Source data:
———
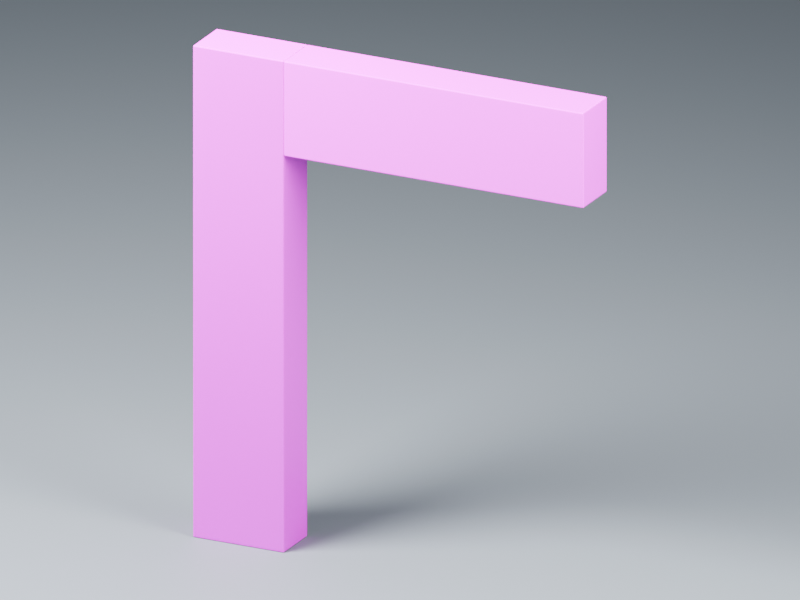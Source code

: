 # Source: scene.blend  (saved by Blender 5.2.44; exported with 4.5.12 LTS)
import bpy
from mathutils import Matrix  # noqa: F401  (used for matrix-valued properties, if any)

bpy.ops.wm.read_factory_settings(use_empty=True)
scene = bpy.context.scene
scene.name = 'Scene'

# ---- collections
col_collection = bpy.data.collections.new('Collection'); scene.collection.children.link(col_collection)
col_rotated_study = bpy.data.collections.new('Rotated_Study'); scene.collection.children.link(col_rotated_study)

# ---- images (referenced by path relative to the original .blend; pixels are not part of the script)
import os
ASSET_DIR = os.environ.get("B2B_ASSET_DIR", "")  # directory of the original .blend (textures are referenced by path, not embedded)
HERE = os.path.dirname(os.path.abspath(__file__))  # packed textures are extracted next to this script under _unpacked/

def load_image(name, relpath, width, height, colorspace="sRGB"):
    """Load a texture the original file referenced (path relative to the .blend, or extracted next to this script)."""
    p = next((c for c in (os.path.join(HERE, relpath), os.path.join(ASSET_DIR, relpath)) if relpath and os.path.exists(c)), "")
    if p:
        img = bpy.data.images.load(p, check_existing=True)
        img.name = name
    else:  # same state as the original file: an image datablock whose file is absent (Cycles renders it pink)
        img = bpy.data.images.new(name, width, height)
        img.source = "FILE"
        img.filepath = "//" + (relpath or name)
    img.colorspace_settings.name = colorspace
    return img
img_white_oak_veneer_diff_2k_png = load_image('white_oak_veneer_diff_2k.png', 'white_oak_veneer_diff_2k.png', 1024, 1024, 'sRGB')
img_white_oak_veneer_rough_2k_png = load_image('white_oak_veneer_rough_2k.png', 'white_oak_veneer_rough_2k.png', 1024, 1024, 'Non-Color')
img_white_oak_veneer_nor_gl_2k_png = load_image('white_oak_veneer_nor_gl_2k.png', 'white_oak_veneer_nor_gl_2k.png', 1024, 1024, 'Non-Color')

# ---- materials (node trees are filled in below, after node groups)
mat_whiteoak_veneer_finished = bpy.data.materials.new('WhiteOak_Veneer_Finished')
mat_ground_material = bpy.data.materials.new('Ground_Material')

# ---- material node trees
mat_whiteoak_veneer_finished.use_nodes = True; mat_whiteoak_veneer_finished.node_tree.nodes.clear()
_N = mat_whiteoak_veneer_finished.node_tree.nodes; _L = mat_whiteoak_veneer_finished.node_tree.links
n0 = _N.new('ShaderNodeUVMap'); n0.name = 'Board UV'; n0.location = (-800, 0)
n0.width = 160
n0.uv_map = 'VeneerUV'
n1 = _N.new('ShaderNodeTexImage'); n1.name = 'Map_color'; n1.location = (-550, 300)
n1.image = img_white_oak_veneer_diff_2k_png
n2 = _N.new('ShaderNodeTexImage'); n2.name = 'Map_rough'; n2.location = (-550, 0)
n2.image = img_white_oak_veneer_rough_2k_png
n3 = _N.new('ShaderNodeTexImage'); n3.name = 'Map_normal'; n3.location = (-550, -300)
n3.image = img_white_oak_veneer_nor_gl_2k_png
n4 = _N.new('ShaderNodeBsdfPrincipled'); n4.name = 'Wood finish'; n4.location = (50, 0)
n4.inputs[10].default_value = 0.005
n4.inputs[19].default_value = 0.25
n4.inputs[20].default_value = 0.19
n5 = _N.new('ShaderNodeMapRange'); n5.name = 'Finish roughness range'; n5.location = (-220, -60)
n5.inputs[3].default_value = 0.28
n5.inputs[4].default_value = 0.46
n6 = _N.new('ShaderNodeNormalMap'); n6.name = 'Veneer pores'; n6.location = (-220, -350)
n6.width = 160
n6.uv_map = 'VeneerUV'
n6.inputs[0].default_value = 0.22
n7 = _N.new('ShaderNodeOutputMaterial'); n7.name = 'Material Output'; n7.location = (400, 0)
_L.new(n0.outputs[0], n1.inputs[0])
_L.new(n0.outputs[0], n2.inputs[0])
_L.new(n0.outputs[0], n3.inputs[0])
_L.new(n1.outputs[0], n4.inputs[0])
_L.new(n2.outputs[0], n5.inputs[0])
_L.new(n5.outputs[0], n4.inputs[2])
_L.new(n3.outputs[0], n6.inputs[1])
_L.new(n6.outputs[0], n4.inputs[5])
_L.new(n4.outputs[0], n7.inputs[0])
n7.is_active_output = True
mat_ground_material.use_nodes = True; mat_ground_material.node_tree.nodes.clear()
_N = mat_ground_material.node_tree.nodes; _L = mat_ground_material.node_tree.links
n0 = _N.new('ShaderNodeBsdfPrincipled'); n0.name = 'Principled BSDF'; n0.location = (-200, 100)
n0.inputs[0].default_value = (0.16, 0.18, 0.2, 1.0)
n0.inputs[2].default_value = 0.65
n0.inputs[10].default_value = 0.005
n1 = _N.new('ShaderNodeOutputMaterial'); n1.name = 'Material Output'; n1.location = (200, 100)
_L.new(n0.outputs[0], n1.inputs[0])
n1.is_active_output = True

# ---- world
world_world = bpy.data.worlds.new('World'); scene.world = world_world
world_world.use_nodes = True; world_world.node_tree.nodes.clear()
_N = world_world.node_tree.nodes; _L = world_world.node_tree.links
n0 = _N.new('ShaderNodeOutputWorld'); n0.name = 'World Output'; n0.location = (200, 100)
n1 = _N.new('ShaderNodeBackground'); n1.name = 'Background'; n1.location = (-200, 100)
n1.inputs[0].default_value = (0.35, 0.4, 0.5, 1.0)
n1.inputs[1].default_value = 0.15
_L.new(n1.outputs[0], n0.inputs[0])
n0.is_active_output = True
world_world.color = (0.05088, 0.05088, 0.05088)
world_world.sun_shadow_jitter_overblur = 0.0

# ---- cameras
cam_camera_001 = bpy.data.cameras.new('Camera.001')
cam_camera_001.type = 'ORTHO'
cam_camera_001.ortho_scale = 0.67
cam_camera_002 = bpy.data.cameras.new('Camera.002')
cam_camera_002.type = 'ORTHO'
cam_camera_002.ortho_scale = 0.67

# ---- lights
light_key = bpy.data.lights.new('Key', 'AREA')
light_key.energy = 75.0
light_key.shape = 'DISK'
light_key.size = 0.65
light_fill = bpy.data.lights.new('Fill', 'AREA')
light_fill.energy = 20.0
light_fill.shape = 'DISK'
light_fill.size = 0.5

# ---- meshes
me_cube_001 = bpy.data.meshes.new('Cube.001')
me_cube_001.from_pydata([(-0.0425, -0.0225, -0.22), (-0.0425, -0.0225, 0.22), (-0.0425, 0.0225, -0.22), (-0.0425, 0.0225, 0.22), (0.0425, -0.0225, -0.22), (0.0425, -0.0225, 0.22), (0.0425, 0.0225, -0.22), (0.0425, 0.0225, 0.22)], [], [(0, 1, 3, 2), (2, 3, 7, 6), (6, 7, 5, 4), (4, 5, 1, 0), (2, 6, 4, 0), (7, 3, 1, 5)])
_uv = me_cube_001.uv_layers.new(name='UVMap')
_uv.uv.foreach_set('vector', [0.375, 0.0, 0.625, 0.0, 0.625, 0.25, 0.375, 0.25, 0.375, 0.25, 0.625, 0.25, 0.625, 0.5, 0.375, 0.5, 0.375, 0.5, 0.625, 0.5, 0.625, 0.75, 0.375, 0.75, 0.375, 0.75, 0.625, 0.75, 0.625, 1.0, 0.375, 1.0, 0.125, 0.5, 0.375, 0.5, 0.375, 0.75, 0.125, 0.75, 0.625, 0.5, 0.875, 0.5, 0.875, 0.75, 0.625, 0.75])
_uv.active_render = True
_uv = me_cube_001.uv_layers.new(name='VeneerUV')
_uv.uv.foreach_set('vector', [0.12, 0.04, 0.12, 0.92, 0.03, 0.92, 0.03, 0.04, 0.12, 0.04, 0.12, 0.92, -0.05, 0.92, -0.05, 0.04, 0.12, 0.04, 0.12, 0.92, 0.03, 0.92, 0.03, 0.04, 0.12, 0.04, 0.12, 0.92, -0.05, 0.92, -0.05, 0.04, 0.12, 0.04, 0.12, 0.21, 0.03, 0.21, 0.03, 0.04, 0.12, 0.04, 0.12, -0.13, 0.21, -0.13, 0.21, 0.04])
me_cube_001.materials.append(mat_whiteoak_veneer_finished)
me_cube_001.update()
me_cube_002 = bpy.data.meshes.new('Cube.002')
me_cube_002.from_pydata([(-0.14, -0.0225, -0.0425), (-0.14, -0.0225, 0.0425), (-0.14, 0.0225, -0.0425), (-0.14, 0.0225, 0.0425), (0.14, -0.0225, -0.0425), (0.14, -0.0225, 0.0425), (0.14, 0.0225, -0.0425), (0.14, 0.0225, 0.0425)], [], [(0, 1, 3, 2), (2, 3, 7, 6), (6, 7, 5, 4), (4, 5, 1, 0), (2, 6, 4, 0), (7, 3, 1, 5)])
_uv = me_cube_002.uv_layers.new(name='UVMap')
_uv.uv.foreach_set('vector', [0.375, 0.0, 0.625, 0.0, 0.625, 0.25, 0.375, 0.25, 0.375, 0.25, 0.625, 0.25, 0.625, 0.5, 0.375, 0.5, 0.375, 0.5, 0.625, 0.5, 0.625, 0.75, 0.375, 0.75, 0.375, 0.75, 0.625, 0.75, 0.625, 1.0, 0.375, 1.0, 0.125, 0.5, 0.375, 0.5, 0.375, 0.75, 0.125, 0.75, 0.625, 0.5, 0.875, 0.5, 0.875, 0.75, 0.625, 0.75])
_uv.active_render = True
_uv = me_cube_002.uv_layers.new(name='VeneerUV')
_uv.uv.foreach_set('vector', [0.52, 0.14, 0.52, 0.31, 0.43, 0.31, 0.43, 0.14, 0.52, 0.14, 0.69, 0.14, 0.69, 0.7, 0.52, 0.7, 0.52, 0.14, 0.52, 0.31, 0.43, 0.31, 0.43, 0.14, 0.52, 0.14, 0.35, 0.14, 0.35, -0.42, 0.52, -0.42, 0.52, 0.14, 0.52, 0.7, 0.43, 0.7, 0.43, 0.14, 0.52, 0.14, 0.52, -0.42, 0.61, -0.42, 0.61, 0.14])
me_cube_002.materials.append(mat_whiteoak_veneer_finished)
me_cube_002.update()
me_cube_003 = bpy.data.meshes.new('Cube.003')
me_cube_003.from_pydata([(-100.0, -100.0, -0.02), (-100.0, -100.0, 0.02), (-100.0, 100.0, -0.02), (-100.0, 100.0, 0.02), (100.0, -100.0, -0.02), (100.0, -100.0, 0.02), (100.0, 100.0, -0.02), (100.0, 100.0, 0.02)], [], [(0, 1, 3, 2), (2, 3, 7, 6), (6, 7, 5, 4), (4, 5, 1, 0), (2, 6, 4, 0), (7, 3, 1, 5)])
_uv = me_cube_003.uv_layers.new(name='UVMap')
_uv.uv.foreach_set('vector', [0.375, 0.0, 0.625, 0.0, 0.625, 0.25, 0.375, 0.25, 0.375, 0.25, 0.625, 0.25, 0.625, 0.5, 0.375, 0.5, 0.375, 0.5, 0.625, 0.5, 0.625, 0.75, 0.375, 0.75, 0.375, 0.75, 0.625, 0.75, 0.625, 1.0, 0.375, 1.0, 0.125, 0.5, 0.375, 0.5, 0.375, 0.75, 0.125, 0.75, 0.625, 0.5, 0.875, 0.5, 0.875, 0.75, 0.625, 0.75])
me_cube_003.materials.append(mat_ground_material)
me_cube_003.update()

# ---- objects
ob_key = bpy.data.objects.new('Key', light_key)
ob_fill = bpy.data.objects.new('Fill', light_fill)
ob_stile = bpy.data.objects.new('Stile', me_cube_001)
ob_rail = bpy.data.objects.new('Rail', me_cube_002)
ob_ground = bpy.data.objects.new('Ground', me_cube_003)
ob_camera_main = bpy.data.objects.new('Camera_Main', cam_camera_001)
ob_studypivot = bpy.data.objects.new('StudyPivot', None)
ob_stile_rot = bpy.data.objects.new('Stile_rot', me_cube_001)
ob_rail_rot = bpy.data.objects.new('Rail_rot', me_cube_002)
ob_camera_rotated = bpy.data.objects.new('Camera_Rotated', cam_camera_002)

# ---- transforms, parenting, visibility, modifiers, constraints
ob_key.location = (-0.55, -0.6, 1.1)
ob_key.rotation_euler = (0.7637, 1.286e-07, -0.7419)
ob_fill.location = (0.7, -0.2, 0.65)
ob_fill.rotation_euler = (1.068, 1.627e-07, 1.292)
ob_stile.location = (-0.14, 0.0, 0.22)
_m = ob_stile.modifiers.new('Edge_finish', 'BEVEL')
_m.width = 0.001
_m.width_pct = 0.001
_m.segments = 2
ob_rail.location = (0.0425, 0.0, 0.3975)
_m = ob_rail.modifiers.new('Edge_finish', 'BEVEL')
_m.width = 0.001
_m.width_pct = 0.001
_m.segments = 2
ob_ground.location = (0.0, 0.0, -0.02)
ob_camera_main.location = (0.62, -1.25, 0.76)
ob_camera_main.rotation_euler = (1.211, 1.438e-08, 0.4604)
ob_studypivot.location = (0.65, 0.45, 0.0)
ob_studypivot.rotation_euler = (0.0, 0.0, 0.8727)
ob_studypivot.hide_render = True
ob_stile_rot.parent = ob_studypivot
ob_stile_rot.location = (-0.14, 0.0, 0.22)
ob_stile_rot.hide_render = True
_m = ob_stile_rot.modifiers.new('Edge_finish', 'BEVEL')
_m.width = 0.001
_m.width_pct = 0.001
_m.segments = 2
ob_rail_rot.parent = ob_studypivot
ob_rail_rot.location = (0.0425, 0.0, 0.3975)
ob_rail_rot.hide_render = True
_m = ob_rail_rot.modifiers.new('Edge_finish', 'BEVEL')
_m.width = 0.001
_m.width_pct = 0.001
_m.segments = 2
ob_camera_rotated.location = (2.006, 0.1215, 0.76)
ob_camera_rotated.rotation_euler = (1.211, -5.92e-09, 1.333)
ob_camera_rotated.hide_render = True

# ---- collection membership
scene.collection.objects.link(ob_key)
scene.collection.objects.link(ob_fill)
col_collection.objects.link(ob_stile)
col_collection.objects.link(ob_rail)
col_collection.objects.link(ob_ground)
col_collection.objects.link(ob_camera_main)
col_rotated_study.objects.link(ob_studypivot)
col_rotated_study.objects.link(ob_stile_rot)
col_rotated_study.objects.link(ob_rail_rot)
col_rotated_study.objects.link(ob_camera_rotated)

# ---- scene / render settings (as saved in the file)
scene.camera = ob_camera_main
scene.frame_start = 1; scene.frame_end = 250; scene.frame_set(1)
scene.render.engine = 'CYCLES'
scene.render.resolution_x = 960
scene.render.resolution_y = 720
scene.render.bake_bias = 0.0
scene.render.bake_samples = 0
scene.render.compositor_device = 'GPU'
scene.cycles.samples = 24
scene.eevee.use_volume_custom_range = False
scene.eevee.fast_gi_thickness_near = 0.1
scene.eevee.fast_gi_thickness_far = 0.0
scene.eevee.ray_tracing_options.screen_trace_thickness = 0.1
scene.view_settings.look = 'AgX - Medium High Contrast'
bpy.context.view_layer.update()
———
[Work task]
Every line above that contains the word "blend" should be reported.

[Task response]
: # Source: scene.blend  (saved by Blender 5.2.44; exported with 4.5.12 LTS)
# ---- images (referenced by path relative to the original .blend; pixels are not part of the script)
ASSET_DIR = os.environ.get("B2B_ASSET_DIR", "")  # directory of the original .blend (textures are referenced by path, not embedded)
    """Load a texture the original file referenced (path relative to the .blend, or extracted next to this script)."""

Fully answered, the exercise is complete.